** TASK PROMPT **
One part of the entries below is wanted: the lines from the one containing "(-44.90128, -44.90128), [])]" through the one containing "h.set_pattern_fill('AR-CONC', color=256, scale=3, style=0)". Write those out exactly and nothing else.

[DATA SHOWN]

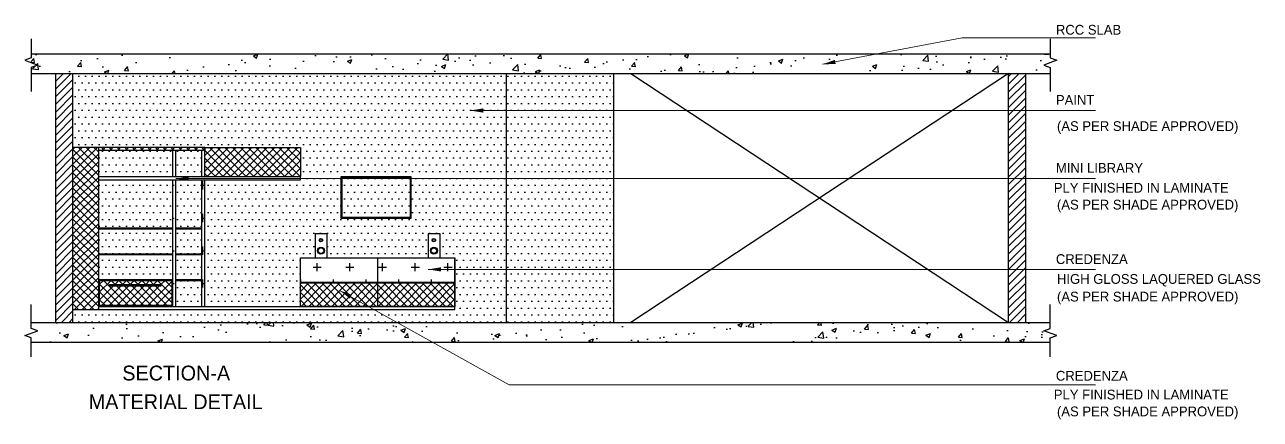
# Model space of a CAD drawing. Header units: millimetres. Extents: x -184691 to 158232, y -112569 to 33289.
# Drawn here: x -24871 to -10477, y -39316 to -34725 of the extents above; entities that cross this region are included whole.
import ezdxf

# ---------------------------------------------------------------- set-up
doc = ezdxf.new("R2010")
doc.units = ezdxf.units.MM
doc.header["$LTSCALE"] = 10
for name, color, linetype in [('A--HATCH-1', 8, 'Continuous'), ('A--SPACEREF', 3, 'Continuous'), ('DIMM-1', 1, 'Continuous')]:
    doc.layers.add(name, color=color, linetype=linetype)
doc.styles.add('ISO', font='isocp2.shx', dxfattribs={"width": 0.8})
doc.dimstyles.new('A-DIM-100', dxfattribs={"dimscale": 100, "dimtxt": 2.25, "dimasz": 1.5, "dimexe": 1, "dimexo": 0.5, "dimgap": 0, "dimtad": 0, "dimdec": 0, "dimzin": 12, "dimdsep": 46, "dimtxsty": 'ISO', "dimblk": 'ARCHTICK', "dimcen": 1, "dimdle": 1, "dimclrd": 8, "dimclre": 8, "dimclrt": 256, "dimadec": 0, "dimazin": 3, "dimtfac": 1, "dimtdec": 0, "dimtmove": 1, "dimatfit": 2, "dimfxl": 1, "dimtvp": 0.75, "dimtolj": 1, "dimtzin": 12, "dimlwd": 18, "dimlwe": 18, "dimarcsym": 0})
pattern_1 = [(0, (-205535.01, -26115.49), (39.6875, 79.375), [0, -79.375])]
pattern_2 = [(45, (-205535.01, -26115.49), (-44.90128, 44.90128), []), (135, (-205535.01, -26115.49), (-44.90128, -44.90128), [])]
pattern_3 = [(0, (-205535, -26115.49), (190.5, 190.5), [95.25, -285.75]), (90, (-205487.38, -26163.11), (-190.5, 190.5), [95.25, -285.75])]

# ---------------------------------------------------------------- blocks, each defined once
blk = doc.blocks.new('_ArchTick')
at = {"color": 0, "const_width": 0.15}
blk.add_lwpolyline([(-0.5, -0.5), (0.5, 0.5)], dxfattribs=at)

msp = doc.modelspace()

# ---------------------------------------------------------------- hatches: boundary and pattern name
h = msp.add_hatch()
h.set_pattern_fill('AR-CONC', color=256, scale=3, style=0)
h.set_pattern_definition([(50, (-205535, -26115.5), (546.554, -47.8173), [57.15, -628.65]), (355, (-205535, -26115.5), (-105.7285, 573.17), [45.72, -502.92]), (100.451, (-205489.46, -26119.47), (440.8275, 525.35), [48.57, -534.27]), (46.1842, (-205535, -25963.1), (813.2371, -126.127), [85.725, -942.975]), (96.6356, (-205467.2, -25973.6), (712.2127, 742.2767), [72.855, -801.405]), (351.184, (-205535, -25963.1), (712.214, 742.2754), [68.58, -754.38]), (21, (-205458.8, -26001.2), (454.8446, -306.7966), [57.15, -628.65]), (326, (-205458.8, -26001.2), (185.4061, 552.5639), [45.72, -502.92]), (71.4514, (-205420.9, -26026.75), (640.2495, 245.7686), [48.57, -534.27]), (37.5, (-205535, -26115.49), (9.2658, 253.66512), [0, -496.824, 0, -510.54, 0, -504.825]), (7.5, (-205535, -26115.5), (200.459, 300.54172), [0, -291.084, 0, -485.394, 0, -192.405]), (327.5, (-205704.93, -26115.49), (406.77179, -17.18623), [0, -190.5, 0, -594.36, 0, -788.67]), (317.5, (-205781.13, -26115.5), (444.38754, 76.2795), [0, -247.65, 0, -394.716, 0, -560.07])])
h.paths.add_polyline_path([(-12923.1, -35292.1), (-12923.1, -35220.9), (-12998.9, -35193.3), (-12923.1, -35165.7), (-12923.1, -35063.5), (-24795.2, -35063.5), (-24795.2, -35165.7), (-24719.4, -35193.3), (-24795.2, -35220.9), (-24795.2, -35292.1)])
h.paths.add_polyline_path([(-12923.1, -38419.3), (-12923.1, -38314.5), (-12998.9, -38286.9), (-12923.1, -38259.3), (-12923.1, -38188.1), (-24795.2, -38188.1), (-24795.2, -38259.3), (-24719.4, -38286.9), (-24795.2, -38314.5), (-24795.2, -38419.3)])
h = msp.add_hatch()
h.set_pattern_fill('DOTS', color=256, scale=50, style=0)
h.set_pattern_definition(pattern_1)
h.paths.add_polyline_path([(-24309.2, -35292.1), (-24309.2, -36152.1), (-22771.2, -36152.1), (-21659.2, -36152.1), (-21659.2, -36490.1), (-21659.2, -36528.1), (-22771.2, -36528.1), (-22771.2, -38002.1), (-21659.2, -38002.1), (-21659.2, -37438.1), (-21485.6, -37438.1), (-21485.6, -37159.9), (-21346.5, -37159.9), (-21346.5, -37438.1), (-20169.8, -37438.1), (-20169.8, -37159.5), (-20030.6, -37159.5), (-20030.6, -37438.1), (-19859.2, -37438.1), (-19859.2, -38002.1), (-19859.2, -38038.1), (-24309.2, -38038.1), (-24309.2, -38188.1), (-19259.2, -38188.1), (-19259.2, -35292.1)])
h.paths.add_polyline_path([(-20371.9, -36492.3), (-20371.9, -36978.4), (-21183.9, -36978.4), (-21183.9, -36492.3)], flags=16)
h.paths.add_polyline_path([(-18009.2, -35292.1), (-19259.2, -35292.1), (-19259.2, -38188.1), (-18009.2, -38188.1)])
h.paths.add_polyline_path([(-20381.9, -36968.4), (-20381.9, -36502.3), (-21173.9, -36502.3), (-21173.9, -36968.4)], flags=0)
h = msp.add_hatch()
h.set_pattern_fill('ANSI37', color=256, scale=20, style=0)
h.set_pattern_definition(pattern_2)
h.paths.add_polyline_path([(-24309.2, -38038.1), (-24009.2, -38038.1), (-24009.2, -36152.1), (-24309.2, -36152.1)])
h.paths.add_polyline_path([(-22771.2, -36152.1), (-24009.2, -36152.1), (-24009.2, -36190.1), (-22771.2, -36190.1)])
h.paths.add_polyline_path([(-21659.2, -36152.1), (-22771.2, -36152.1), (-22771.2, -36190.1), (-22771.2, -36490.1), (-21659.2, -36490.1)])
h.paths.add_polyline_path([(-23157.2, -37700.1), (-23999.2, -37700.1), (-23999.2, -37992.1), (-23157.2, -37992.1)])
h.paths.add_polyline_path([(-23884.1, -37767.1), (-23884.1, -37746.1), (-23284.3, -37746.1), (-23284.3, -37767.1)], flags=16)
h = msp.add_hatch()
h.set_pattern_fill('DOTS', color=256, scale=50, style=0)
h.set_pattern_definition(pattern_1)
h.paths.add_polyline_path([(-23147.2, -36490.1), (-23147.2, -36190.1), (-24009.2, -36190.1), (-24009.2, -36490.1)])
h.paths.add_polyline_path([(-23147.2, -37090.1), (-23147.2, -36528.1), (-24009.2, -36528.1), (-24009.2, -37090.1)])
h.paths.add_polyline_path([(-23109.2, -37090.1), (-22809.2, -37090.1), (-22809.2, -36528.1), (-23109.2, -36528.1)])
h.paths.add_polyline_path([(-22809.2, -36190.1), (-23109.2, -36190.1), (-23109.2, -36490.1), (-22809.2, -36490.1)])
h.paths.add_polyline_path([(-24009.2, -37100.1), (-24009.2, -37390.1), (-23147.2, -37390.1), (-23147.2, -37100.1)])
h.paths.add_polyline_path([(-24009.2, -37400.1), (-24009.2, -37690.1), (-23147.2, -37690.1), (-23147.2, -37400.1)])
h.paths.add_polyline_path([(-23109.2, -37100.1), (-23109.2, -37390.1), (-22809.2, -37390.1), (-22809.2, -37100.1)])
h.paths.add_polyline_path([(-22809.2, -37400.1), (-23109.2, -37400.1), (-23109.2, -37690.1), (-22809.2, -37690.1)])
h.paths.add_polyline_path([(-23109.2, -38002.1), (-22809.2, -38002.1), (-22809.2, -37700.1), (-23109.2, -37700.1)])
h = msp.add_hatch()
h.set_pattern_fill('CROSS', color=256, scale=30, style=0)
h.set_pattern_definition(pattern_3)
h.paths.add_polyline_path([(-23109.2, -37100.1), (-23109.2, -36528.1), (-23147.2, -36528.1), (-23147.2, -37100.1), (-23147.2, -37400.1), (-23147.2, -38002.1), (-23109.2, -38002.1), (-23109.2, -37400.1)])
h.paths.add_polyline_path([(-22809.2, -38002.1), (-22771.2, -38002.1), (-22771.2, -36528.1), (-22809.2, -36528.1)])
h = msp.add_hatch()
h.set_pattern_fill('CROSS', color=256, scale=30, style=0)
h.set_pattern_definition(pattern_3)
h.paths.add_polyline_path([(-21659.2, -37720.1), (-20759.2, -37720.1), (-20759.2, -37438.1), (-21659.2, -37438.1)])
h.paths.add_polyline_path([(-20759.2, -37438.1), (-20759.2, -37720.1), (-19859.2, -37720.1), (-19859.2, -37438.1)])
h = msp.add_hatch()
h.set_pattern_fill('ANSI37', color=256, scale=20, style=0)
h.set_pattern_definition(pattern_2)
h.paths.add_polyline_path([(-21659.2, -37730.1), (-21659.2, -38002.1), (-20759.2, -38002.1), (-20759.2, -37730.1)])
h.paths.add_polyline_path([(-20759.2, -37730.1), (-20759.2, -38002.1), (-19859.2, -38002.1), (-19859.2, -37730.1)])
at = {"layer": 'A--HATCH-1'}
h = msp.add_hatch(dxfattribs=at)
h.set_pattern_fill('ANSI31', color=256, scale=20, style=0)
h.set_pattern_definition([(45, (-205535.01, -26115.49), (-44.90128, 44.90128), [])])
h.paths.add_polyline_path([(-24309.2, -35292.1), (-24509.2, -35292.1), (-24509.2, -38188.1), (-24309.2, -38188.1)])
h.paths.add_polyline_path([(-13209.2, -35292.1), (-13409.2, -35292.1), (-13409.2, -38188.1), (-13209.2, -38188.1)])

# ---------------------------------------------------------------- linework, layer by layer
for p, q in [((-24795.2, -35063.5), (-12923.1, -35063.5)), ((-24795.2, -35292.1), (-12923.1, -35292.1)), ((-24509.2, -38188.1), (-24509.2, -35292.1)), ((-24309.2, -38188.1), (-24309.2, -35292.1)), ((-19259.2, -38188.1), (-19259.2, -35292.1)), ((-18009.2, -38188.1), (-18009.2, -35292.1)), ((-17809.2, -35292.1), (-13409.2, -38188.1)), ((-13409.2, -35292.1), (-17809.2, -38188.1)), ((-13409.2, -38188.1), (-13409.2, -35292.1)), ((-13209.2, -38188.1), (-13209.2, -35292.1)), ((-22771.2, -36152.1), (-24309.2, -36152.1)), ((-24009.2, -38038.1), (-24009.2, -36152.1)), ((-22771.2, -36190.1), (-24009.2, -36190.1)), ((-23147.2, -36490.1), (-23147.2, -36190.1)), ((-23109.2, -36490.1), (-23109.2, -36190.1)), ((-22809.2, -36490.1), (-22809.2, -36190.1)), ((-22771.2, -36152.1), (-22771.2, -36190.1)), ((-22771.2, -36152.1), (-21659.2, -36152.1)), ((-22771.2, -36490.1), (-22771.2, -36190.1)), ((-21659.2, -36152.1), (-21659.2, -36490.1)), ((-24009.2, -36490.1), (-22809.2, -36490.1)), ((-24009.2, -36490.1), (-21659.2, -36490.1)), ((-24009.2, -36528.1), (-21659.2, -36528.1)), ((-23147.2, -37100.1), (-23147.2, -36528.1)), ((-23109.2, -37100.1), (-23109.2, -36528.1)), ((-22809.2, -38002.1), (-22809.2, -36528.1)), ((-22771.2, -38002.1), (-22771.2, -36528.1)), ((-21659.2, -36528.1), (-21659.2, -36490.1)), ((-24009.2, -37090.1), (-23147.2, -37090.1)), ((-24009.2, -37100.1), (-23147.2, -37100.1)), ((-23147.2, -37400.1), (-23147.2, -37100.1)), ((-23109.2, -37090.1), (-22809.2, -37090.1)), ((-23109.2, -37400.1), (-23109.2, -37100.1)), ((-23109.2, -37100.1), (-22809.2, -37100.1)), ((-24009.2, -37390.1), (-23147.2, -37390.1)), ((-24009.2, -37400.1), (-23147.2, -37400.1)), ((-23147.2, -38002.1), (-23147.2, -37400.1)), ((-23109.2, -37390.1), (-22809.2, -37390.1)), ((-23109.2, -38002.1), (-23109.2, -37400.1)), ((-23109.2, -37400.1), (-22809.2, -37400.1)), ((-21659.2, -38002.1), (-21659.2, -37438.1)), ((-21659.2, -37438.1), (-19859.2, -37438.1)), ((-20759.2, -37438.1), (-20759.2, -38002.1)), ((-19859.2, -38038.1), (-19859.2, -37438.1)), ((-24009.2, -37690.1), (-23147.2, -37690.1)), ((-23109.2, -37690.1), (-22809.2, -37690.1)), ((-23109.2, -37700.1), (-22809.2, -37700.1)), ((-21659.2, -37720.1), (-19859.2, -37720.1)), ((-21659.2, -37730.1), (-19859.2, -37730.1)), ((-24309.2, -38038.1), (-19859.2, -38038.1)), ((-24009.2, -38002.1), (-19859.2, -38002.1)), ((-24795.2, -38188.1), (-12923.1, -38188.1)), ((-24795.2, -38419.3), (-12923.1, -38419.3))]:
    msp.add_line(p, q)
at = {"linetype": 'Continuous'}
for points in [[(-24795.2, -34889.7), (-24795.2, -35110.5), (-24871, -35138.1), (-24719.4, -35193.3), (-24795.2, -35220.9), (-24795.2, -35501.5)], [(-12923.1, -34889.7), (-12923.1, -35110.5), (-12847.3, -35138.1), (-12998.9, -35193.3), (-12923.1, -35220.9), (-12923.1, -35501.5)], [(-24795.2, -38590.4), (-24795.2, -38369.7), (-24871, -38342.1), (-24719.4, -38286.9), (-24795.2, -38259.3), (-24795.2, -37978.6)], [(-12923.1, -38590.4), (-12923.1, -38369.7), (-12847.3, -38342.1), (-12998.9, -38286.9), (-12923.1, -38259.3), (-12923.1, -37978.6)]]:
    msp.add_lwpolyline(points, dxfattribs=at)
for points in [[(-21183.9, -36492.3), (-20371.9, -36492.3), (-20371.9, -36978.4), (-21183.9, -36978.4)], [(-21173.9, -36502.3), (-20381.9, -36502.3), (-20381.9, -36968.4), (-21173.9, -36968.4)], [(-21485.6, -37438.1), (-21346.5, -37438.1), (-21346.5, -37159.9), (-21485.6, -37159.9)], [(-20169.8, -37437.6), (-20030.6, -37437.6), (-20030.6, -37159.5), (-20169.8, -37159.5)], [(-21659.2, -37438.1), (-19859.2, -37438.1), (-19859.2, -38002.1), (-21659.2, -38002.1)], [(-23999.2, -37700.1), (-23157.2, -37700.1), (-23157.2, -37992.1), (-23999.2, -37992.1)], [(-23884.1, -37746.1), (-23284.3, -37746.1), (-23284.3, -37767.1), (-23884.1, -37767.1)]]:
    msp.add_lwpolyline(points, close=True)
for centre, radius in [((-21419.6, -37231.6), 20.9), ((-21419.6, -37231.6), 14.9), ((-20103.8, -37231.6), 20.9), ((-20103.8, -37231.6), 14.9), ((-21419.6, -37353.8), 40.7), ((-21419.6, -37353.8), 31.7), ((-20103.8, -37353.8), 40.7), ((-20103.8, -37353.8), 31.7)]:
    msp.add_circle(centre, radius)

# ---------------------------------------------------------------- texts
at = {"layer": 'A--SPACEREF'}
for s, height, p in [('RCC SLAB', 113.76, (-12857.9, -34840.2)), ('PAINT', 113.76, (-12857.9, -35656.8)), ('(AS PER SHADE APPROVED)', 113.758, (-12845.3, -35961.5)), ('MINI LIBRARY', 113.758, (-12857.9, -36447.9)), ('PLY FINISHED IN LAMINATE', 113.758, (-12882.3, -36679)), ('(AS PER SHADE APPROVED)', 113.758, (-12845.3, -36875)), ('CREDENZA', 113.76, (-12857.9, -37509.3)), ('HIGH GLOSS LAQUERED GLASS', 113.758, (-12845.3, -37740)), ('(AS PER SHADE APPROVED)', 113.758, (-12845.3, -37945.3)), ('CREDENZA', 113.76, (-12857.9, -38866.6)), ('PLY FINISHED IN LAMINATE', 113.758, (-12882.3, -39085.6)), ('(AS PER SHADE APPROVED)', 113.758, (-12845.3, -39281.7))]:
    msp.add_text(s, height=height, dxfattribs=at).set_placement(p)
at = {"layer": 'DIMM-1'}
for s, height, p in [('SECTION-A', 172.62, (-23734.5, -38864.5)), ('MATERIAL DETAIL', 172.617, (-24125.9, -39198.4))]:
    msp.add_text(s, height=height, dxfattribs=at).set_placement(p)

# ---------------------------------------------------------------- leaders
for points in [[(-15575.3, -35185.4), (-13950.1, -34878.3), (-12395.4, -34878.3)], [(-19679.7, -35723), (-12395.4, -35723)], [(-23109.2, -36515.8), (-12395.4, -36515.8)], [(-20169.8, -37571.8), (-12395.4, -37571.8)], [(-21202.7, -37816.1), (-19226.1, -38915.2), (-12395.4, -38915.2)]]:
    msp.add_leader(points, dimstyle='A-DIM-100', override={"dimgap": 0, "dimtad": 0, "dimfxl": 0.18})

doc.saveas('drawing.dxf')

[/DATA SHOWN]

** SOLUTION FOR THIS TASK **
pattern_2 = [(45, (-205535.01, -26115.49), (-44.90128, 44.90128), []), (135, (-205535.01, -26115.49), (-44.90128, -44.90128), [])]
pattern_3 = [(0, (-205535, -26115.49), (190.5, 190.5), [95.25, -285.75]), (90, (-205487.38, -26163.11), (-190.5, 190.5), [95.25, -285.75])]

# ---------------------------------------------------------------- blocks, each defined once
blk = doc.blocks.new('_ArchTick')
at = {"color": 0, "const_width": 0.15}
blk.add_lwpolyline([(-0.5, -0.5), (0.5, 0.5)], dxfattribs=at)

msp = doc.modelspace()

# ---------------------------------------------------------------- hatches: boundary and pattern name
h = msp.add_hatch()
h.set_pattern_fill('AR-CONC', color=256, scale=3, style=0)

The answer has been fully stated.